Oda al bosque

Nos guste o no, los árboles son hermafroditas, y no ángeles asexuados, emplumados en su encaje de clorofila; en ellos late un corazón de savia.

Ya no podemos cortarlos sin escuchar los gritos que profieren, gigantes mandrágoras, milicias toda corteza y en pie de guerra.


Pulgarcita, que por supuesto no existe, pero él la ha soñado noche tras noche haciendo trampa: la ve recogiendo hongos venenosos y dejar a su paso un rastro salpicado de migas de tinta.
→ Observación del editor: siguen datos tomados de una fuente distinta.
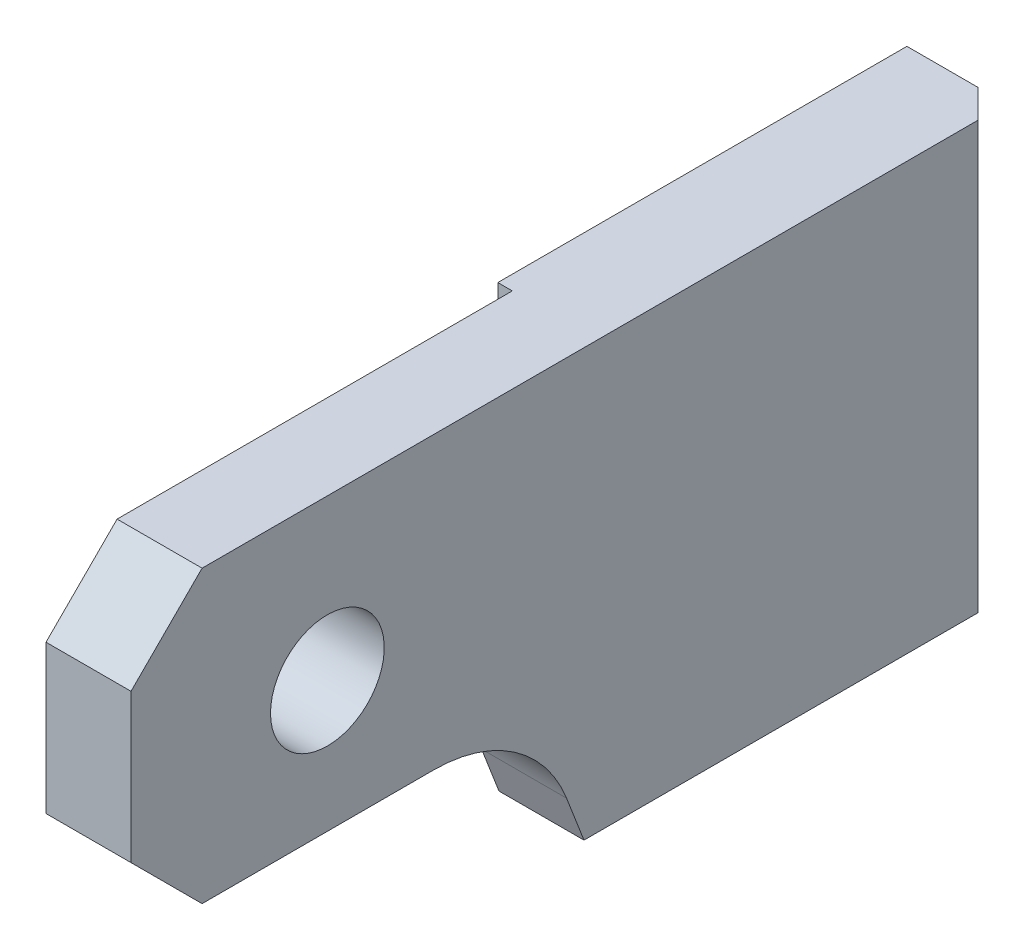
ISO-10303-21;
HEADER;
FILE_DESCRIPTION(('STEP AP214'),'2;1');
FILE_NAME('part.step','',(''),(''),'','','');
FILE_SCHEMA(('AUTOMOTIVE_DESIGN { 1 0 10303 214 1 1 1 1 }'));
ENDSEC;
DATA;
#1=APPLICATION_CONTEXT('core data for automotive mechanical design processes');
#2=APPLICATION_PROTOCOL_DEFINITION('international standard','automotive_design',2000,#1);
#3=PRODUCT_CONTEXT('',#1,'mechanical');
#4=PRODUCT('Part','Part','',(#3));
#5=PRODUCT_RELATED_PRODUCT_CATEGORY('part','',(#4));
#6=PRODUCT_DEFINITION_FORMATION('','',#4);
#7=PRODUCT_DEFINITION_CONTEXT('part definition',#1,'design');
#8=PRODUCT_DEFINITION('design','',#6,#7);
#9=PRODUCT_DEFINITION_SHAPE('','',#8);
#10=(LENGTH_UNIT() NAMED_UNIT(*) SI_UNIT(.MILLI.,.METRE.));
#11=(NAMED_UNIT(*) PLANE_ANGLE_UNIT() SI_UNIT($,.RADIAN.));
#12=(NAMED_UNIT(*) SI_UNIT($,.STERADIAN.) SOLID_ANGLE_UNIT());
#13=UNCERTAINTY_MEASURE_WITH_UNIT(LENGTH_MEASURE(1.E-05),#10,'distance_accuracy_value','');
#14=(GEOMETRIC_REPRESENTATION_CONTEXT(3) GLOBAL_UNCERTAINTY_ASSIGNED_CONTEXT((#13)) GLOBAL_UNIT_ASSIGNED_CONTEXT((#10,
#11,#12)) REPRESENTATION_CONTEXT('',''));
#15=CARTESIAN_POINT('',(0.,0.,0.));
#16=DIRECTION('',(0.,0.,1.));
#17=DIRECTION('',(1.,0.,0.));
#18=AXIS2_PLACEMENT_3D('',#15,#16,#17);
#19=CARTESIAN_POINT('',(-7.,-0.888409732677494,-92.5393309223954));
#20=DIRECTION('',(0.,0.,-1.));
#21=DIRECTION('',(-1.,0.,0.));
#22=AXIS2_PLACEMENT_3D('',#19,#20,#21);
#23=PLANE('',#22);
#24=DIRECTION('',(1.,0.,0.));
#25=VECTOR('',#24,1.);
#26=CARTESIAN_POINT('',(-7.,-0.888409732677494,-92.5393309223954));
#27=LINE('',#26,#25);
#28=CARTESIAN_POINT('',(-7.,-0.888409732677494,-92.5393309223954));
#29=VERTEX_POINT('',#28);
#30=CARTESIAN_POINT('',(-2.00000000000001,-0.888409732677494,-92.5393309223954));
#31=VERTEX_POINT('',#30);
#32=EDGE_CURVE('E173',#29,#31,#27,.T.);
#33=ORIENTED_EDGE('',*,*,#32,.T.);
#34=DIRECTION('',(0.,-1.,0.));
#35=VECTOR('',#34,1.);
#36=CARTESIAN_POINT('',(-2.00000000000001,-30.896809381829,-92.5393309223954));
#37=LINE('',#36,#35);
#38=CARTESIAN_POINT('',(-2.,-30.896809381829,-92.5393309223954));
#39=VERTEX_POINT('',#38);
#40=EDGE_CURVE('E54',#31,#39,#37,.T.);
#41=ORIENTED_EDGE('',*,*,#40,.T.);
#42=DIRECTION('',(1.,0.,0.));
#43=VECTOR('',#42,1.);
#44=CARTESIAN_POINT('',(-7.,-30.896809381829,-92.5393309223954));
#45=LINE('',#44,#43);
#46=CARTESIAN_POINT('',(-7.,-30.896809381829,-92.5393309223954));
#47=VERTEX_POINT('',#46);
#48=EDGE_CURVE('E187',#47,#39,#45,.T.);
#49=ORIENTED_EDGE('',*,*,#48,.F.);
#50=DIRECTION('',(0.,1.,0.));
#51=VECTOR('',#50,1.);
#52=CARTESIAN_POINT('',(-7.,-0.888409732677494,-92.5393309223954));
#53=LINE('',#52,#51);
#54=EDGE_CURVE('E164',#47,#29,#53,.T.);
#55=ORIENTED_EDGE('',*,*,#54,.T.);
#56=EDGE_LOOP('',(#33,#41,#49,#55));
#57=FACE_BOUND('',#56,.T.);
#58=ADVANCED_FACE('F31',(#57),#23,.T.);
#59=CARTESIAN_POINT('',(-7.,-30.8913234542866,-62.8226559338242));
#60=DIRECTION('',(0.,-0.999999982959996,0.00018460771439066));
#61=DIRECTION('',(0.,-0.00018460771439066,-0.999999982959996));
#62=AXIS2_PLACEMENT_3D('',#59,#60,#61);
#63=PLANE('',#62);
#64=DIRECTION('',(0.,0.000184607714390677,0.999999982959996));
#65=VECTOR('',#64,1.);
#66=CARTESIAN_POINT('',(-5.98,-30.8849793695061,-28.4574361847685));
#67=LINE('',#66,#65);
#68=CARTESIAN_POINT('',(-5.98,-30.8914953955952,-63.7540433690182));
#69=VERTEX_POINT('',#68);
#70=CARTESIAN_POINT('',(-5.98,-30.8913234542866,-62.8226559338242));
#71=VERTEX_POINT('',#70);
#72=EDGE_CURVE('E130',#69,#71,#67,.T.);
#73=ORIENTED_EDGE('',*,*,#72,.F.);
#74=DIRECTION('',(1.,0.,0.));
#75=VECTOR('',#74,1.);
#76=CARTESIAN_POINT('',(-13.2889218482286,-30.8914953955952,-63.7540433690182));
#77=LINE('',#76,#75);
#78=CARTESIAN_POINT('',(-7.,-30.8914953955952,-63.7540433690182));
#79=VERTEX_POINT('',#78);
#80=EDGE_CURVE('E121',#79,#69,#77,.T.);
#81=ORIENTED_EDGE('',*,*,#80,.F.);
#82=DIRECTION('',(0.,-0.00018460771439066,-0.999999982959996));
#83=VECTOR('',#82,1.);
#84=CARTESIAN_POINT('',(-7.,-30.8913234542866,-62.8226559338242));
#85=LINE('',#84,#83);
#86=EDGE_CURVE('E171',#79,#47,#85,.T.);
#87=ORIENTED_EDGE('',*,*,#86,.T.);
#88=ORIENTED_EDGE('',*,*,#48,.T.);
#89=DIRECTION('',(0.707106775161997,0.000130537367817163,0.707106775161995));
#90=VECTOR('',#89,1.);
#91=CARTESIAN_POINT('',(10.3583377900718,-30.8945279372971,-80.1809931323237));
#92=LINE('',#91,#90);
#93=CARTESIAN_POINT('',(0.,-30.896440166394,-90.5393309223954));
#94=VERTEX_POINT('',#93);
#95=EDGE_CURVE('E39',#39,#94,#92,.T.);
#96=ORIENTED_EDGE('',*,*,#95,.T.);
#97=DIRECTION('',(0.,-0.00018460771439066,-0.999999982959996));
#98=VECTOR('',#97,1.);
#99=CARTESIAN_POINT('',(0.,-30.8913234542866,-62.8226559338242));
#100=LINE('',#99,#98);
#101=CARTESIAN_POINT('',(0.,-30.8913234542866,-62.8226559338242));
#102=VERTEX_POINT('',#101);
#103=EDGE_CURVE('E168',#102,#94,#100,.T.);
#104=ORIENTED_EDGE('',*,*,#103,.F.);
#105=DIRECTION('',(1.,0.,0.));
#106=VECTOR('',#105,1.);
#107=CARTESIAN_POINT('',(-7.,-30.8913234542866,-62.8226559338242));
#108=LINE('',#107,#106);
#109=EDGE_CURVE('E142',#71,#102,#108,.T.);
#110=ORIENTED_EDGE('',*,*,#109,.F.);
#111=EDGE_LOOP('',(#73,#81,#87,#88,#96,#104,#110));
#112=FACE_BOUND('',#111,.T.);
#113=ADVANCED_FACE('F140',(#112),#63,.T.);
#114=CARTESIAN_POINT('',(-7.,-30.8913234542866,-62.8226559338242));
#115=DIRECTION('',(0.,-0.361043997924807,0.932548782403619));
#116=DIRECTION('',(0.,-0.932548782403619,-0.361043997924807));
#117=AXIS2_PLACEMENT_3D('',#114,#115,#116);
#118=PLANE('',#117);
#119=DIRECTION('',(0.,0.932548782403619,0.361043997924807));
#120=VECTOR('',#119,1.);
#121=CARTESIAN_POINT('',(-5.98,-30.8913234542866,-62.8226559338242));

Ella se abre brecha en la espesura —bosque de arces y bugambilias, selva variopinta para el quetzal y el oso grizzli, ¡qué oscuro es aquí!—, y se abre brecha con su bolígrafo. La siguen una parvada de buitres, una jauría de pterodáctilos, una camada de faetones (exquisitas manadas de pájaros extintos) —alas extendidas en lo alto circundando al unísono el trazo negro de su caligrafía.

Carta a Khaled


Khaled,

llevo tu pueblo a cuestas como una piedra.

¿Seremos acaso para siempre condenados

a este largo ascenso,

Sísifos de perlas rojas encerradas en su caja,

tú en mí como la médula al hueso, el fuego al sol,

la plata a la luna?

Y todos los relojes de arena del mundo

no alcanzarían a cubrir los muertos

en los cementerios de Gaza.

Khaled, quisiera palabras tan hermosas,

y el ángel me latiguea con su cálamo,

quisiera palabras tan luminosas como alba,

caricia, pétalo, pluma de quetzal,

y la piedra rueda de mi espalda,

plomo que se hunde en picada

hasta la hez donde tus muertos han ido a parar.